** INFORMATION GIVEN follows **
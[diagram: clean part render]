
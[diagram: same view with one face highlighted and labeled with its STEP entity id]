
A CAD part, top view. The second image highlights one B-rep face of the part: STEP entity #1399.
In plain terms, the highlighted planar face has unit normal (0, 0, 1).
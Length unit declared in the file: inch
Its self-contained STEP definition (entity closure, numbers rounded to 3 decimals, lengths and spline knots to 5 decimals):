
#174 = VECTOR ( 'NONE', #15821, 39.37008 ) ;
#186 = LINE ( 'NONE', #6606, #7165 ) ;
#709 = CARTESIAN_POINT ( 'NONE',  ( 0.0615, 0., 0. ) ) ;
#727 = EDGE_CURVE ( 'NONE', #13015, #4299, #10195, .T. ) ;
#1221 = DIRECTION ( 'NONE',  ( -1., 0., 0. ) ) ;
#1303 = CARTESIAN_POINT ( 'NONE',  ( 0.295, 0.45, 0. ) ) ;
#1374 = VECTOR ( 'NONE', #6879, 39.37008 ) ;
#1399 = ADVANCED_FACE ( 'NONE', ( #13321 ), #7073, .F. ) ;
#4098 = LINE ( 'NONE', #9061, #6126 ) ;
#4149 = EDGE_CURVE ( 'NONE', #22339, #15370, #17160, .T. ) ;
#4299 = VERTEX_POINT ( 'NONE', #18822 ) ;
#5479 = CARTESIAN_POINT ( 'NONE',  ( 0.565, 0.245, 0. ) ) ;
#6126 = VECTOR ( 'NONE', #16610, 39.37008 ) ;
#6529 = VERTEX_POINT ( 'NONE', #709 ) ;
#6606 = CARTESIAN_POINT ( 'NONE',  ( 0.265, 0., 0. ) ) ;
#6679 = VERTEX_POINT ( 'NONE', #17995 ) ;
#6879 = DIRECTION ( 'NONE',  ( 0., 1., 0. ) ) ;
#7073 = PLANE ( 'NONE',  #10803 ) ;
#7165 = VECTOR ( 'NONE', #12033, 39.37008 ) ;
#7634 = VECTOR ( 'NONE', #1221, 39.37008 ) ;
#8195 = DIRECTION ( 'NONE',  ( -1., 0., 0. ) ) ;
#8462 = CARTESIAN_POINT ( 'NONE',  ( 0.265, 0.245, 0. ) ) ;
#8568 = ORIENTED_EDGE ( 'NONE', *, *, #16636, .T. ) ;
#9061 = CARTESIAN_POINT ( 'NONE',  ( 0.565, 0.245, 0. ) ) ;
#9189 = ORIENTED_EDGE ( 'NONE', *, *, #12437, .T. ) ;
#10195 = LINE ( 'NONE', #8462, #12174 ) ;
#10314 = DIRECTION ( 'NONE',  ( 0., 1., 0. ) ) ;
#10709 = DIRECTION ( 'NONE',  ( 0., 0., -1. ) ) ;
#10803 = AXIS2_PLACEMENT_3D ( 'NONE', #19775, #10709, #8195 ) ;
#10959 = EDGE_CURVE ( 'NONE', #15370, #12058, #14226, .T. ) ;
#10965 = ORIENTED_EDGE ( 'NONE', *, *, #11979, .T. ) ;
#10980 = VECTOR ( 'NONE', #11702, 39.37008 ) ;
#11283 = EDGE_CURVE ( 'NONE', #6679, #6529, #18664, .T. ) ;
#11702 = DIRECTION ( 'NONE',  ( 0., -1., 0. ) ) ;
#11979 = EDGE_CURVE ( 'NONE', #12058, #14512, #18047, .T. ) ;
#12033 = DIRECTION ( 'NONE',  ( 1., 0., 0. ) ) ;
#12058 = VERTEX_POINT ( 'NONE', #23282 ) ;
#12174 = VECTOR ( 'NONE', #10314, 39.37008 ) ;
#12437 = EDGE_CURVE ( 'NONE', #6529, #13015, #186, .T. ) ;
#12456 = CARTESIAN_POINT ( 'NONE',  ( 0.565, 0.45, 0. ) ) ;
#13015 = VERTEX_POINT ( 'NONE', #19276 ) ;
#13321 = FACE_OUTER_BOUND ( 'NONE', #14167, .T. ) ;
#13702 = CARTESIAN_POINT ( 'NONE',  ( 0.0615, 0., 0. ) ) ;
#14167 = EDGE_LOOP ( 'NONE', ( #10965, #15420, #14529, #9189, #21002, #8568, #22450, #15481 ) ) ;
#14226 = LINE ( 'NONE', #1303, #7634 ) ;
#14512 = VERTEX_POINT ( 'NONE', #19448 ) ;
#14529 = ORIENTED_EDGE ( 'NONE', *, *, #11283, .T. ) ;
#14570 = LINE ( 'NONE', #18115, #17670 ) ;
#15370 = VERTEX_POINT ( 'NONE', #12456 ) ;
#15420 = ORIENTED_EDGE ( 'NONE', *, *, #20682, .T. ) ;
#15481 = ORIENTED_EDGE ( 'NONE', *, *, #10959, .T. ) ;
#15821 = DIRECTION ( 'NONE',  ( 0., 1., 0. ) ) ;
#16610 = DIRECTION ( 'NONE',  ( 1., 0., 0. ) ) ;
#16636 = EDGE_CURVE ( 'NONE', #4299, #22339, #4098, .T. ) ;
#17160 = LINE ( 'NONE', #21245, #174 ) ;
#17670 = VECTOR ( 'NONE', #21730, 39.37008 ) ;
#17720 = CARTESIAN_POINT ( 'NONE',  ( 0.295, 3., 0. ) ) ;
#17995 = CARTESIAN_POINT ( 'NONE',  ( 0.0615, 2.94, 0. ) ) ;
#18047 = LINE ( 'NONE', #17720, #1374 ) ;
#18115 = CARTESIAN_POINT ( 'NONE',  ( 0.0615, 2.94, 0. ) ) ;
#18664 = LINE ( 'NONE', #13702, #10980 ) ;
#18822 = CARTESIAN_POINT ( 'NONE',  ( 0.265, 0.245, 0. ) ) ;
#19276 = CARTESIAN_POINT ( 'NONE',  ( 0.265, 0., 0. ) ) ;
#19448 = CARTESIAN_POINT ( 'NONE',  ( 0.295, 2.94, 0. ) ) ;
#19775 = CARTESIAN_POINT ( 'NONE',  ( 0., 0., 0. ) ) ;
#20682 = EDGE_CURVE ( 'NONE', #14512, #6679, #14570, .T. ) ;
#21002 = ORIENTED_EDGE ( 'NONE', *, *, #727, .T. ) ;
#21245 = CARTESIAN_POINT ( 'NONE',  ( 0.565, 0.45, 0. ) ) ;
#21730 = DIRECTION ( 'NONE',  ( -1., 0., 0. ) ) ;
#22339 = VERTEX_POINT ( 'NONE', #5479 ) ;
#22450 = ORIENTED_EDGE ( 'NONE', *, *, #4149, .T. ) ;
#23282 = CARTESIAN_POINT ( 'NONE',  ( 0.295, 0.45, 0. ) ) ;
** End of INFORMATION GIVEN **
**ACTIVITY**
Could you please copy the lines above exactly, beginning at the first and ending at the line that contains "A CAD part, top"?

**OUTPUT OF THE TASK**
[diagram: clean part render]
[diagram: same view with one face highlighted and labeled with its STEP entity id]
A CAD part, top view. The second image highlights one B-rep face of the part: STEP entity #1399.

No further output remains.